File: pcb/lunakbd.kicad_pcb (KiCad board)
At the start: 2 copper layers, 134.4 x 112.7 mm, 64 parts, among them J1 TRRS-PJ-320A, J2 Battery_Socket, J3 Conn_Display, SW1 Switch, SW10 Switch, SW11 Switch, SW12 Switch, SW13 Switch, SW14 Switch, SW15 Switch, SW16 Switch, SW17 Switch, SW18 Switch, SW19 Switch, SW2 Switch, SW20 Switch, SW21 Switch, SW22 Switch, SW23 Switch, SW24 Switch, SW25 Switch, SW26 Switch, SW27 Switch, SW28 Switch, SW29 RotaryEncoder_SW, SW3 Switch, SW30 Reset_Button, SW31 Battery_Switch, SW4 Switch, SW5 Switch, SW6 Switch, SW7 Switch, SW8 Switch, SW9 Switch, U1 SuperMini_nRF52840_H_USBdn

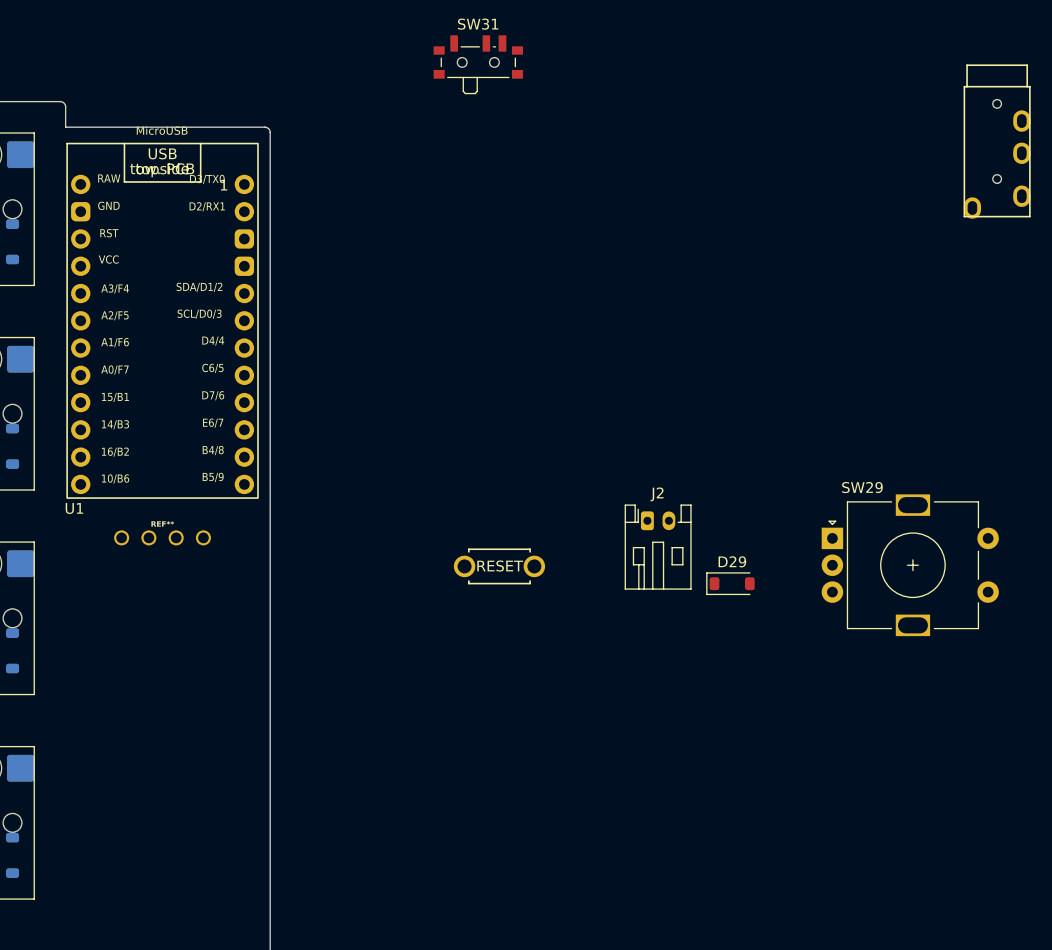
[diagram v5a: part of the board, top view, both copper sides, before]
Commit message: feat: place rotatory encoder and centralize oled display
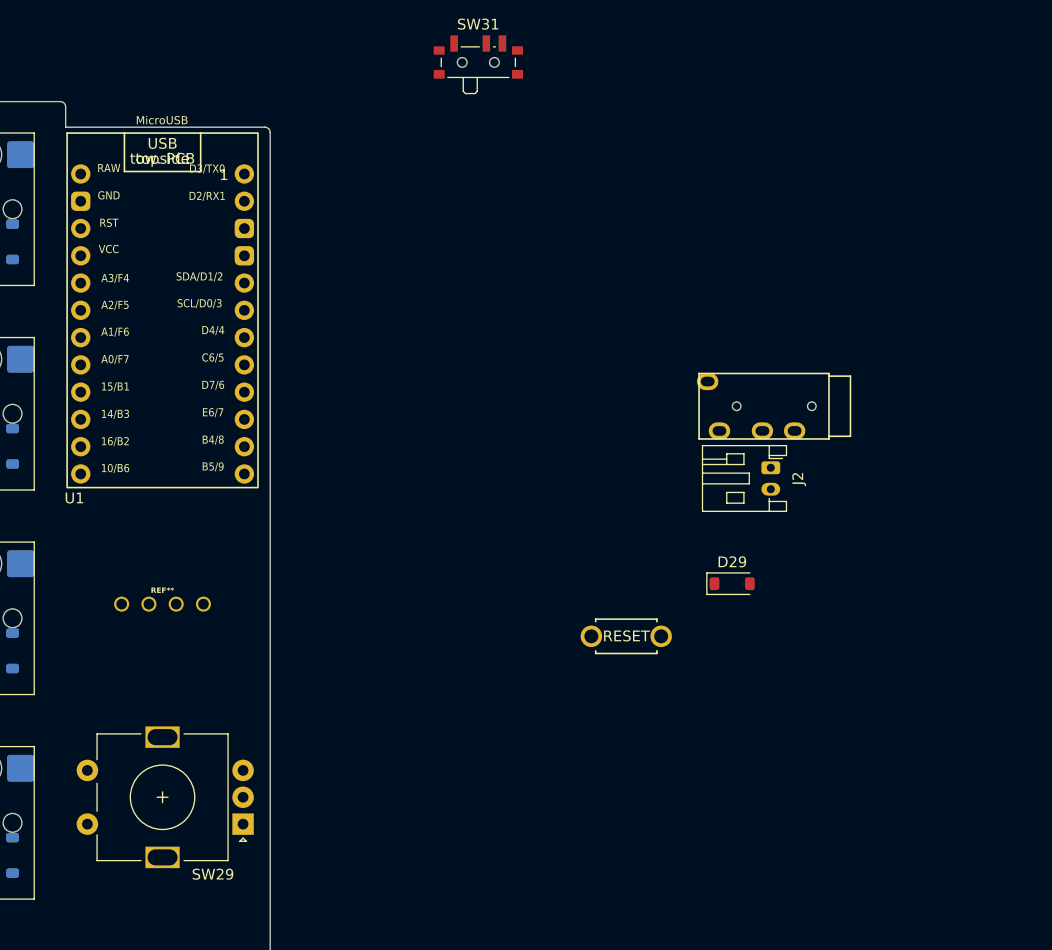
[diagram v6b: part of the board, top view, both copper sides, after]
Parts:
- moved SW29 61.0 mm to (198.0, 107.3), turned to 180 degrees
- moved J1 33.6 mm to (252.6, 68.4), turned to -90 degrees
- moved SW30 13.5 mm to (233.7, 89.8)
- moved J2 12.5 mm to (247.2, 74.1), turned to -90 degrees
- moved J3 6.17 mm to (190.5, 86.8)
- moved U1 0.97 mm to (190.5, 60.7)
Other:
- outline, holes or cut-outs redrawn

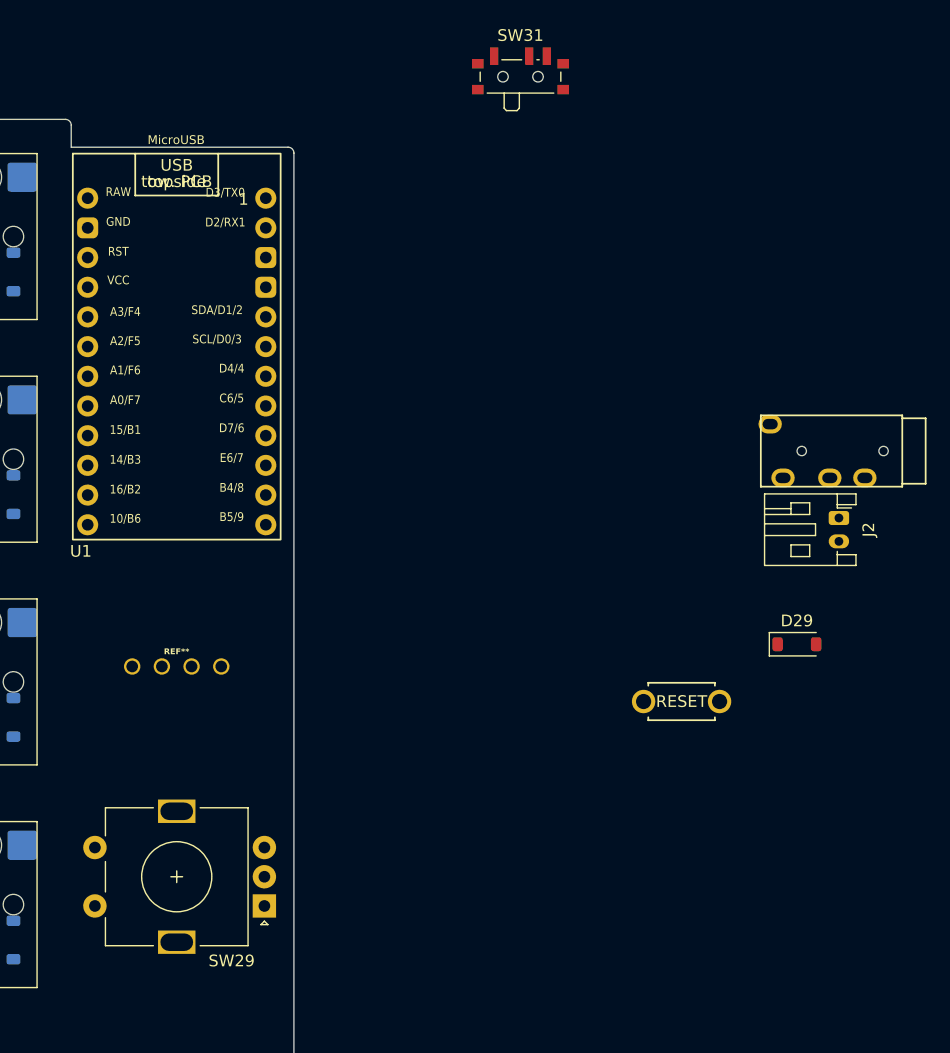
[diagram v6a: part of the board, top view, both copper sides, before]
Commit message: feat: place trrs, battery socket and reset button
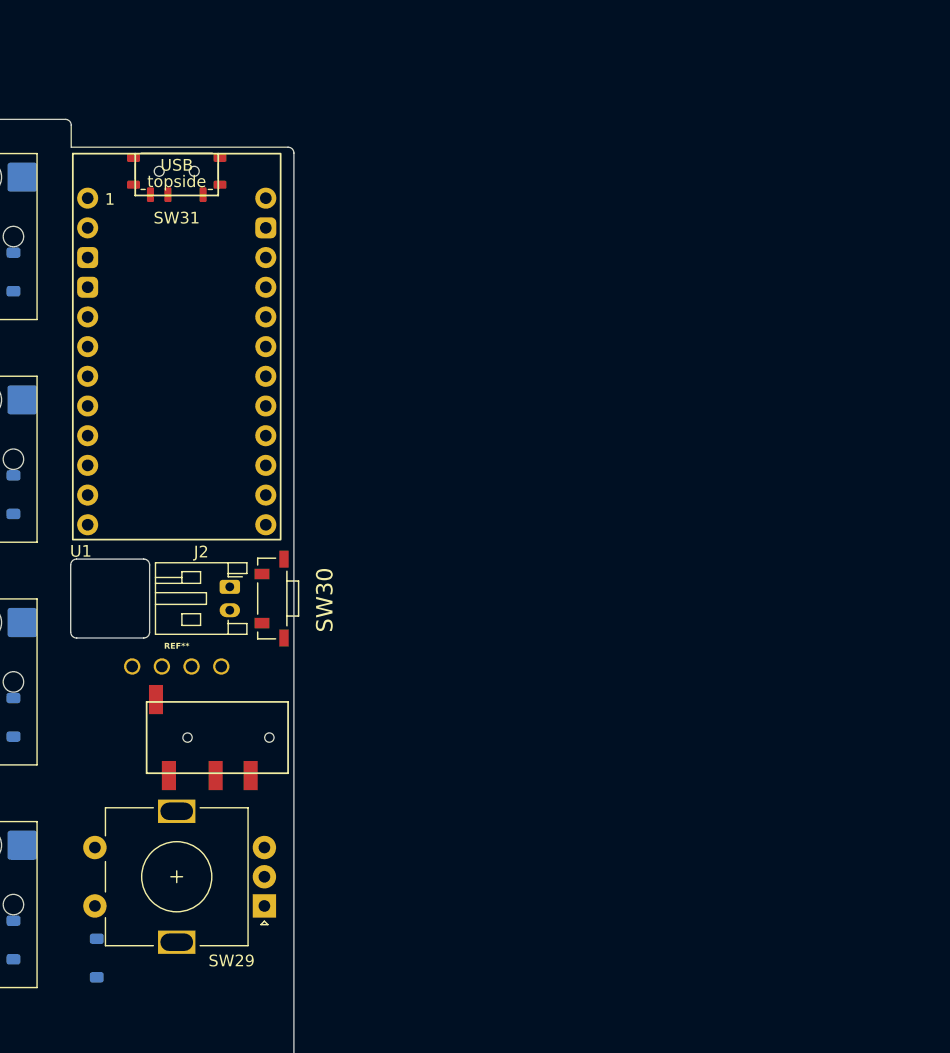
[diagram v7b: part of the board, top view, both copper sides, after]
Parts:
- D29: moved to B.Cu
- J1: value TRRS-PJ-320A -> TRRS-PJ-320D; footprint Keebio-Parts:TRRS-PJ-320A-no-Fmask -> Keebio-Parts:TRRS-PJ-320D
- SW30: footprint kbd:ResetSW -> kbd:SW_TL3330AF130QG
- SW31: footprint Button_Switch_SMD:SW_SPDT_PCM12 -> PCM_marbastlib-various:SW_MSK12C02-HB
- U1: value SuperMini_nRF52840_H_USBdn -> ProMicro; footprint PCM_marbastlib-xp-promicroish:SuperMini_nRF52840_H_USBdn -> PCM_marbastlib-xp-promicroish:SuperMini_nRF52840_H_USBup
- moved D29 65.6 mm to (183.7, 111.7), turned to 90 degrees
- moved J1 58.0 mm to (200.0, 92.9)
- moved J2 52.4 mm to (195.0, 80.0)
- moved SW30 36.1 mm to (198.7, 81.0), turned to 90 degrees
- moved SW31 30.6 mm to (190.5, 44.4)
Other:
- outline, holes or cut-outs redrawn

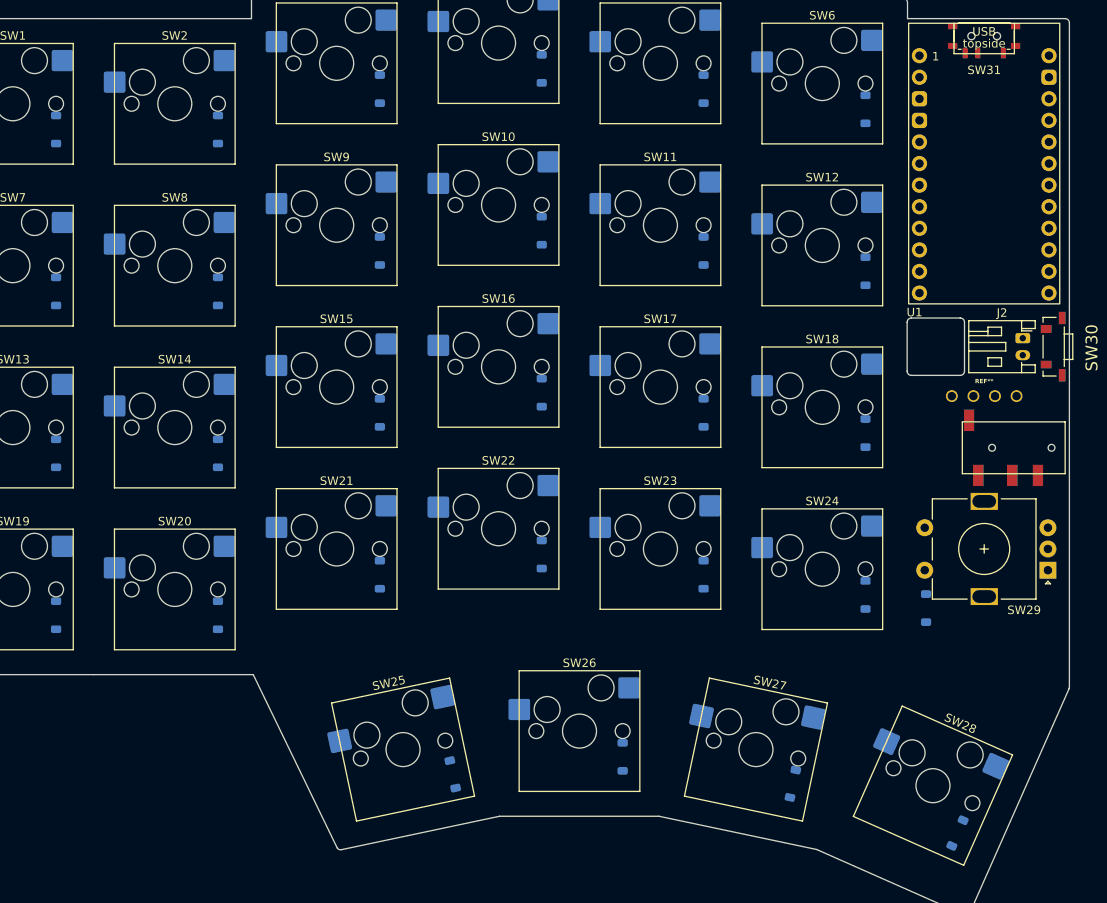
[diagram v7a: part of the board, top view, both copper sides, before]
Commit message: feat: update diode positions
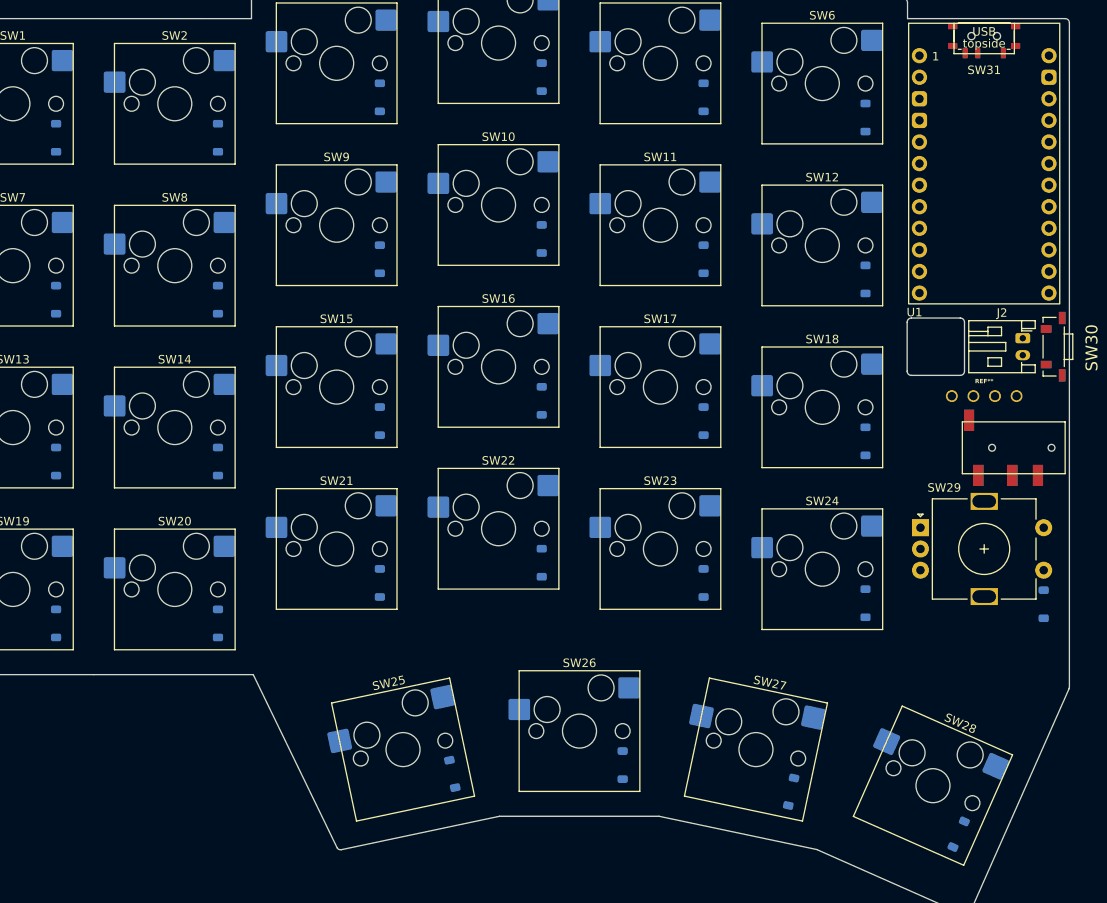
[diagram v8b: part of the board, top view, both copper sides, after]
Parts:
- moved SW29 15.8 mm to (183.0, 102.3), turned to 0 degrees
- moved D29 13.8 mm to (197.5, 111.3)
- moved D1 0.97 mm to (81.3, 56.4)
- moved D2 0.97 mm to (100.3, 56.4)
- moved D10 0.97 mm to (138.4, 68.3)
- moved D11 0.97 mm to (157.5, 70.7)
- moved D12 0.97 mm to (176.5, 73.1)
- moved D13 0.97 mm to (81.3, 94.5)
- moved D14 0.97 mm to (100.3, 94.5)
- moved D15 0.97 mm to (119.4, 89.7)
- moved D16 0.97 mm to (138.4, 87.3)
- moved D17 0.97 mm to (157.5, 89.7)
- moved D18 0.97 mm to (176.5, 92.1)
- moved D19 0.97 mm to (81.3, 113.5)
- moved D20 0.97 mm to (100.3, 113.5)

:::::

To do: Report all lines of the data that include the word "before".

Answer:
[diagram v5a: part of the board, top view, both copper sides, before]
[diagram v6a: part of the board, top view, both copper sides, before]
[diagram v7a: part of the board, top view, both copper sides, before]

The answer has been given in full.